Colorimetric mercury detection with enhanced sensitivity using magnetic-Au hybrid nanoparticles

Due to the neural toxicity of mercury, there is a need for the development of on-site detection systems for Hg2+ monitoring. To this end, a new colorimetric mercury detection probe, Fe3O4@SiO2@Au (magnetic-Au; Mag-Au) hybrid nanoparticles, has been developed. The Au on the surface of Mag-Au is an indicator of Hg2+, which forms an AuHg alloy (amalgam) on their surface (Mag-Au@Hg), with excellent peroxidase-like activity. The oxidation of 3,3 ',5,5 '-tetramethylbenzidine by Mag-Au@Hg resulted in a color change of the indicator solution, which was enhanced with increasing Hg2+ concentration. Mag-Au can be used to detect Hg2+ at nanomolar concentrations. Additionally, magnetic separation can be used to easily purify and concentrate the Mag-Au@Hg from samples, and thus avoid interference from unwanted residues or colored samples.
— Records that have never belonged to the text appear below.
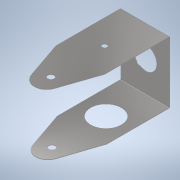
# Autodesk Inventor part: Frame
Saved by Autodesk Inventor 2020.3 (Build 243373000, 373)
## iProperties
Created: 2022-06-23
Part Number: Frame
Material: Steel, Alloy
Document SubType Name: Sheet Metal
Designer: karimi2
Density: 7.73 g/cm^3
Sheet Metal Rule: Default_mm
Appearance: Semi-Polished
Author: karimi2
Autodesk Inventor part; units mm, degrees
ref_plane "YZ Plane" through (0, 0, 0) normal (1, 0, 0) x (0, 1, 0)
ref_plane "XZ Plane" through (0, 0, 0) normal (0, 1, 0) x (-1, 0, 0)
ref_plane "XY Plane" through (0, 0, 0) normal (0, 0, 1) x (1, 0, 0)
sketch "Sketch1" plane through (0, 0, 0) normal (0, 0, 1) x (1, 0, 0)
  line L0 (-20, 90) -> (-20, 37.5)
  circle A0 centre (0, 13.2368) radius 2.6
  circle A1 centre (0, 57.5) radius 12.5
  line L1 (20, 90) -> (20, 38.2368)
  line L2 (-20, 90) -> (20, 90) construction
  line L3 (20, 90) -> (20, 140)
  line L4 (20, 140) -> (-20, 140) construction
  line L5 (-20, 140) -> (-20, 90)
  line L6 (20, 140) -> (20, 192.5)
  line L7 (-20, 140) -> (-20, 192.5)
  circle A2 centre (0, 172.5) radius 2
  circle A3 centre (0, 216.5) radius 2.6
  arc A4 (9.4595, 223.2432) -> (-9.4595, 223.2432) centre (0, 220) ccw
  line L8 (20, 192.5) -> (9.4595, 223.2432)
  line L9 (-20, 192.5) -> (-9.4595, 223.2432)
  circle A5 centre (0, 115) radius 9.5
  arc A6 (-9.4595, 6.7568) -> (9.4826, 6.825) centre (0, 10) ccw
  line L10 (-28, 0) -> (28, 0)
  line L11 (20, 38.2368) -> (9.4826, 6.825)
  line L12 (-20, 37.5) -> (-9.4595, 6.7568)
  line L13 (0, -46.3158) -> (0, 276.0526)
  point P0 (0, 0)
  point P1 (0, -0.2632)
  point P2 (0, 90)
  dimension "d0" = 52.5
  dimension "d1" = 13.5
  dimension "d2" = 5.2
  dimension "d5" = 25
  dimension "d7" = 50
  dimension "d8" = 40
  dimension "d10" = 52.5
  dimension "d11" = 32.5
  dimension "d12" = 4
  dimension "d13" = 24
  dimension "d14" = 5.2
  dimension "d15" = 20
  dimension "d41" = 19
  dimension "d42" = 25
  dimension "d47" = 20
  dimension "d48" = 25
  measures "d0" distance of L5.end L0.end
  measures "d1" distance of point (0, -0.263) A0.centre
  measures "d2" diameter of A0
  measures "d5" diameter of A1
  measures "d7" distance of L3.start L6.start
  measures "d8" distance of L6.start L7.start
  measures "d10" distance of L7.start L9.start
  measures "d11" distance from line of L4 A2.centre
  measures "d12" diameter of A2
  measures "d13" vertical distance of L8.start A3.centre
  measures "d14" diameter of A3
  measures "d15" diameter of A4
  measures "d41" diameter of A5
  measures "d42" distance of point (0, 90) A5.centre
  measures "d47" diameter of A6
  measures "d48" vertical distance of L1.end A0.centre
extrude "Plate1" add sketch "Sketch1" along normal mid plane 0.5 contours L5 L7 L9 A4 L13 A3 A2 A5 A1 A0 A6 L12 L0 | L13 A0 A1 A5 A2 A3 A4 L8 L6 L3 L1 L11 A6 | L13 A5 | A5 L13
sketch "Sketch4" plane through (0, 0, 0.25) normal (0, 0, 1) x (1, 0, 0)
  line L0 (-20, 90) -> (20, 90)
  line L1 (20, 192.5) -> (20, 38.2368) projected
  line L2 (-20, 140) -> (20, 140)
  point P0 (0, 0)
  dimension "d24" = 40
  dimension "d25" = 90
  dimension "d26" = 140
  constraints: 4 end point, 2 horizontal, 2 point on line
  measures "d24" distance of L0.start L0.end
  measures "d25" vertical distance of point (0, 0) L0.end
  measures "d26" vertical distance of point (0, 0) L2.end
fold "Fold1" angle 90 bend radius 0.5 thickness 0.5 k factor 0.44 line from (-20, 140, 0.25) to (20, 140, 0.25) line at bend end moving side (0, 1, 0) folds toward (0, 0, 1)
sketch "Sketch5" plane through (0, 0, 0.25) normal (0, 0, 1) x (1, 0, 0)
  line L0 (-20, 37.5) -> (-20, 138.869) projected
  line L1 (-20, 90) -> (20, 90)
  point P0 (0, 0)
  dimension "d33" = 40
  dimension "d34" = 90
  constraints: 2 end point, 1 horizontal, 1 point on line
  measures "d33" distance of L1.start L1.end
  measures "d34" vertical distance of point (0, 0) L1.end
fold "Fold2" angle 90 bend radius 0.5 thickness 0.5 k factor 0.44 line from (-20, 90, 0.25) to (20, 90, 0.25) line at bend start moving side (0, -1, 0) folds toward (0, 0, 1)
sketch "Sketch6" plane through (0, 0, -0.25) normal (0, 0, -1) x (-1, 0, 0)
  circle A0 centre (0, 115) radius 9.5
  line L0 (-20, 90) -> (20, 90) projected
  point P0 (0, 0)
  dimension "d43" = 25
  dimension "d44" = 19
  constraints: 1 centre point
  measures "d43" distance from line of L0 A0.centre
  measures "d44" diameter of A0
extrude "Extrusion2" cut sketch "Sketch6" against normal through all
equation "\"d23\" = Thickness"
equation "\"d27\" = BendReliefWidth"
equation "\"d28\" = BendReliefDepth"
equation "\"d29\" = MinimumRemnant"
equation "\"d30\" = TransitionRadius"
equation "\"d32\" = BendRadius"
equation "\"d35\" = BendReliefWidth"
equation "\"d36\" = BendReliefDepth"
equation "\"d37\" = MinimumRemnant"
equation "\"d38\" = TransitionRadius"
equation "\"d40\" = BendRadius"
equation "\"BendRadius\" = Thickness"
equation "\"BendReliefWidth\" = Thickness"
equation "\"BendReliefDepth\" = 0.5 * Thickness"
equation "\"CornerReliefSize\" = 4 * Thickness"
equation "\"MinimumRemnant\" = 2 * Thickness"
equation "\"TransitionRadius\" = BendRadius"
equation "\"JacobiRadiusSize\" = BendRadius"
equation "\"GapSize\" = Thickness"
equation "\"Thickness\" = 0.5"
body "Solid2"
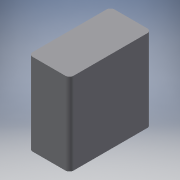
# Autodesk Inventor part: USB_Cap
Saved by Autodesk Inventor 2016 (Build 200138000, 138)
## iProperties
Created: 2017-07-18
Part Number: USB_Cap
Material: Generic
Document SubType Name: Modeling
Designer: bobbyl
Density: 1 g/cm^3
Appearance: Default
Author: bobbyl
Autodesk Inventor part; units mm, degrees
ref_plane "YZ Plane" through (0, 0, 0) normal (1, 0, 0) x (0, 1, 0)
ref_plane "XZ Plane" through (0, 0, 0) normal (0, 1, 0) x (-1, 0, 0)
ref_plane "XY Plane" through (0, 0, 0) normal (0, 0, 1) x (1, 0, 0)
sketch "Sketch1" plane through (0, 0, 0) normal (0, 0, 1) x (1, 0, 0)
  line L0 (11.25, -5) -> (1.25, -5) projected
  line L1 (1.25, -5) -> (1.25, 30) projected
  line L2 (1.25, 30) -> (11.25, 30) projected
  line L3 (11.25, 30) -> (11.25, -5) projected
  arc A0 (16.25, -12.5) -> (18.75, -10) centre (16.25, -10) ccw projected
  line L4 (18.75, -10) -> (18.75, 35) projected
  arc A1 (18.75, 35) -> (16.25, 37.5) centre (16.25, 35) ccw projected
  line L5 (16.25, 37.5) -> (-3.75, 37.5) projected
  arc A2 (-3.75, 37.5) -> (-6.25, 35) centre (-3.75, 35) ccw projected
  line L6 (-6.25, 35) -> (-6.25, -10) projected
  arc A3 (-6.25, -10) -> (-3.75, -12.5) centre (-3.75, -10) ccw projected
  line L7 (-3.75, -12.5) -> (16.25, -12.5) projected
  line L8 (-6.25, -10) -> (-6.25, 35)
  arc A4 (-3.75, 37.5) -> (-6.25, 35) centre (-3.75, 35) ccw
  line L9 (-3.75, 37.5) -> (16.25, 37.5)
  arc A5 (18.75, 35) -> (16.25, 37.5) centre (16.25, 35) ccw
  line L10 (18.75, 35) -> (18.75, -10)
  arc A6 (16.25, -12.5) -> (18.75, -10) centre (16.25, -10) ccw
  line L11 (16.25, -12.5) -> (-3.75, -12.5)
  arc A7 (-6.25, -10) -> (-3.75, -12.5) centre (-3.75, -10) ccw
  point P0 (0, 0)
  dimension "d0" = 0
  constraints: 8 end point, 8 point on circle, 4 centre point, 7 other
  measures "d0" distance between parallel lines of L6 L8
extrude "Extrusion1" add sketch "Sketch1" along normal blind 40 contours L0 L1 L2 L3 | L7 A3 L6 A2 L5 A1 L4 A0
sketch "Sketch2" plane through (0, 0, 0) normal (0, 0, -1) x (-1, 0, 0)
  line L0 (-16.25, -10) -> (-16.25, 35) projected
  line L1 (3.75, -10) -> (-16.25, -10) projected
  line L2 (3.75, 35) -> (3.75, -10) projected
  line L3 (-16.25, 35) -> (3.75, 35) projected
  line L4 (-11.25, -5) -> (-11.25, 30) projected
  line L5 (-11.25, 30) -> (-1.25, 30) projected
  line L6 (-1.25, 30) -> (-1.25, -5) projected
  line L7 (-1.25, -5) -> (-11.25, -5) projected
  line L8 (-2.75, 28.5) -> (-9.75, 28.5) projected
  line L9 (-9.75, 28.5) -> (-9.75, -3.5) projected
  line L10 (-9.75, -3.5) -> (-2.75, -3.5) projected
  line L11 (-2.75, -3.5) -> (-2.75, 28.5) projected
  line L12 (-1.25, -5) -> (-11.25, -5)
  line L13 (-11.25, -5) -> (-11.25, 30)
  line L14 (-11.25, 30) -> (-1.25, 30)
  line L15 (-1.25, 30) -> (-1.25, -5)
  point P0 (0, 0)
  constraints: 8 end point, 2 parallel, 1 horizontal, 1 perpendicular
extrude "Extrusion2" cut sketch "Sketch2" against normal blind 30 contours L4 L5 L6 L7 | L11 L10 L9 L8
body "Solid1"
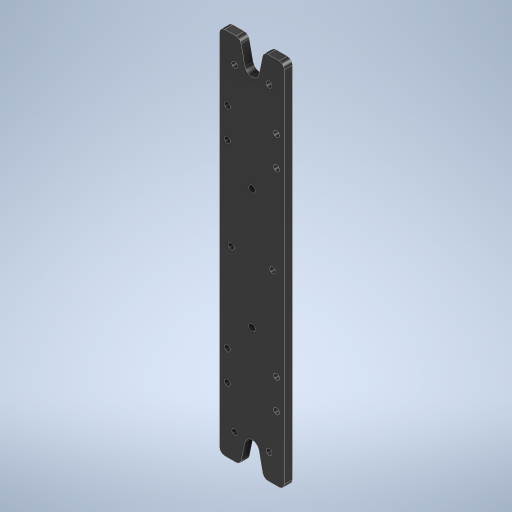
# Autodesk Inventor part: InitialPositioningFrame
Saved by Autodesk Inventor 2024.2 (Build 282272000, 272)
## iProperties
Created: 2024-01-11
Part Number: InitialPositioningFrame
Material: Aluminum 7075
Document SubType Name: Modeling
Designer: Masato Kubotera
Density: 2.81 g/cm^3
Appearance: Glossy - Black
Vendor: meviy
Mass: 301.604 g
Surface Area: 490.296 cm^2
Volume: 107.332 cm^3
Author: Masato Kubotera
Autodesk Inventor part; units mm, degrees
ref_plane "YZ Plane" through (0, 0, 0) normal (1, 0, 0) x (0, 1, 0)
ref_plane "XZ Plane" through (0, 0, 0) normal (0, 1, 0) x (-1, 0, 0)
ref_plane "XY Plane" through (0, 0, 0) normal (0, 0, 1) x (1, 0, 0)
sketch "Sketch1" plane through (0, 0, 0) normal (1, 0, 0) x (0, 1, 0)
  line L0 (31.625, -180) -> (-31.625, -180)
  line L1 (-31.625, -180) -> (-31.625, 180)
  line L2 (-31.625, 180) -> (31.625, 180)
  line L3 (31.625, 180) -> (31.625, -180)
  line L4 (31.625, -180) -> (-31.625, 180) construction
  line L5 (-31.625, -180) -> (31.625, 180) construction
  line L6 (-31.625, 0) -> (31.625, 0) construction
  line L7 (0, 180) -> (0, -180) construction
  line L8 (24, -88) -> (-24, -88) construction
  line L9 (24, -117) -> (-24, -117) construction
  line L10 (16.75, -155) -> (-16.75, -155) construction
  line L11 (24, 88) -> (-24, 88) construction
  line L12 (24, 117) -> (-24, 117) construction
  line L13 (16.75, 155) -> (-16.75, 155) construction
  line L14 (24, -117) -> (24, -88) construction
  arc A0 (-6.8516, 158.566) -> (6.8516, 158.566) centre (0, 160) ccw
  line L15 (-15, 197.5) -> (15, 197.5)
  line L16 (15, 197.5) -> (6.8516, 158.566)
  line L17 (-15, 197.5) -> (-6.8516, 158.566)
  arc A1 (6.8516, -158.566) -> (-6.8516, -158.566) centre (0, -160) ccw
  line L18 (-15, -197.5) -> (15, -197.5)
  line L19 (15, -197.5) -> (6.8516, -158.566)
  line L20 (-15, -197.5) -> (-6.8516, -158.566)
  point P0 (0, 0)
  point P1 (-20.25, 0)
  point P2 (20.25, 0)
  point P3 (0, 155)
  point P4 (-11.3374, -180)
  point P5 (11.3374, -180)
  point P6 (11.3374, 180)
  point P7 (-11.3374, 180)
  point P8 (0, 58.5)
  point P9 (0, -58.5)
  dimension "d0" = 63.25
  dimension "d1" = 360
  dimension "d2" = 40.5
  dimension "d3" = 176
  dimension "d4" = 29
  dimension "d5" = 48
  dimension "d6" = 33.5
  dimension "d7" = 310
  dimension "d8" = 30
  dimension "d9" = 37.5
  dimension "d10" = 14
  dimension "d11" = 320
  dimension "d21" = 117
  constraints: 42 end point, 22 symmetric about line, 8 coincident, 7 midpoint, 5 horizontal, 5 point on line, 4 point on circle, 2 centre point, 2 parallel, 1 perpendicular, 1 tangent, 1 vertical, 1 other
  measures "d0" distance of L1.end L2.end
  measures "d1" distance of L2.end L0.start
  measures "d2" distance of point (20.25, 0) point (-20.25, 0)
  measures "d3" distance between parallel lines of L8 L11
  measures "d4" distance of L9.start L8.start
  measures "d5" distance of L8.start L8.end
  measures "d6" distance of L10.start L10.end
  measures "d7" distance from line of point (0, 155) L10
  measures "d8" distance of L15.start L15.end
  measures "d9" distance from line of point (0, 160) L15
  measures "d10" diameter of A0
  measures "d11" distance of point (0, -160) point (0, 160)
  measures "d21" distance of point (0, -58.5) point (0, 58.5)
extrude "Extrusion1" add sketch "Sketch1" along normal blind 8 contours L0 L19 A1 L20 L1 L2 L17 A0 L16 L3
hole "Phi6-H7" at (0, -20.25, 0) at (0, 20.25, 0) at (0, 24, -88) at (0, 24, -117) at (0, 16.75, -155) at (0, -24, -88) at (0, -24, -117) at (0, -16.75, -155) at (0, 24, 88) at (0, 24, 117) at (0, 16.75, 155) at (0, -16.75, 155) at (0, -24, 117) at (0, -24, 88) at (0, 0, 160) at (0, 0, -160) direction (1, 0, 0) diameter 6 end through all
hole "M8" at (0, 0, 58.5) at (0, 0, -58.5) direction (1, 0, 0) diameter 6.647 end through all thread size "M8x1.25" class "6H" standard "ANSI Metric M Profile"
fillet "R5" radius 5 8 edges at (4, 31.625, 180) (4, -31.625, 180) (4, 31.625, -180) (4, 11.3374, -180) (4, -11.3374, -180) (4, -31.625, -180) (4, -11.3374, 180) (4, 11.3374, 180)
body "Solid1"
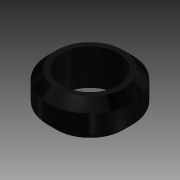
# Autodesk Inventor part: Solid V-Wheel
Saved by Autodesk Inventor 2014 SP1 (Build 180222100, 222)
## iProperties
Created: 2016-04-09
Part Number: Solid V-Wheel
Material: Generic
Document SubType Name: Modeling
Designer: Ben
Density: 1 g/cm^3
Appearance: Default
Author: Ben
Autodesk Inventor part; units mm, degrees
ref_plane "YZ Plane" through (0, 0, 0) normal (1, 0, 0) x (0, 1, 0)
ref_plane "XZ Plane" through (0, 0, 0) normal (0, 1, 0) x (-1, 0, 0)
ref_plane "XY Plane" through (0, 0, 0) normal (0, 0, 1) x (1, 0, 0)
sketch "Sketch1" plane through (0, 0, 0) normal (0, 0, 1) x (1, 0, 0)
  line L0 (0, 0) -> (0, 12.4297) construction
  line L1 (7.987, 0) -> (9.487, 0)
  line L2 (9.487, 0) -> (11.95, 2.463)
  line L3 (11.95, 7.767) -> (9.487, 10.23)
  line L4 (9.487, 10.23) -> (7.987, 10.23)
  line L5 (7.987, 10.23) -> (7.987, 0)
  line L6 (7.987, 5.115) -> (38.026, 5.115) construction
  line L7 (0, 0) -> (31.3179, 0) construction
  line L8 (11.95, 7.767) -> (11.95, 2.463)
  point P0 (8.9576, 5.115)
  dimension "d0" = 10.23
  dimension "d1" = 15.974
  dimension "d2" = 90
  dimension "d5" = 23.9
  dimension "d7" = 1.5
  constraints: 18 end point, 5 perpendicular, 1 collinear, 1 midpoint, 1 parallel, 1 point on line, 1 vertical, 1 other
  measures "d0" distance of L4.end L1.start
  measures "d1" diameter of L5 L0
  measures "d2" angle of L2 L3
  measures "d5" diameter of L3.start L0
  measures "d7" distance of L1.start L1.end
revolve "Revolution1" add sketch "Sketch1" angle 360 about axis through (0, 0, 0) along (0, 1, 0)
body "Solid1"

The feasibility of Mag-Au for Hg2+ detection was tested with an artificial urine solution and it can be used to detect Hg2+ in various real samples, such as river water, seawater, food, and biological samples.

Automated summary

Due to the neural toxicity of mercury, a new colorimetric mercury detection probe, Fe3O4@SiO2@Au (magnetic-Au; Mag-Au) hybrid nanoparticles, has been developed for on-site detection of Hg2+. The presence of Hg2+ forms an AuHg alloy (amalgam) on the surface of Mag-Au, with excellent peroxidase-like activity. The oxidation of a substrate leads to a color change, allowing the detection of Hg2+ at nanomolar concentrations. Magnetic separation can be used to purify and concentrate the Mag-Au@Hg from samples, avoiding interference from unwanted residues or colored samples. The feasibility of Mag-Au for Hg2+ detection has been validated with artificial urine solution and can be applied to various real samples.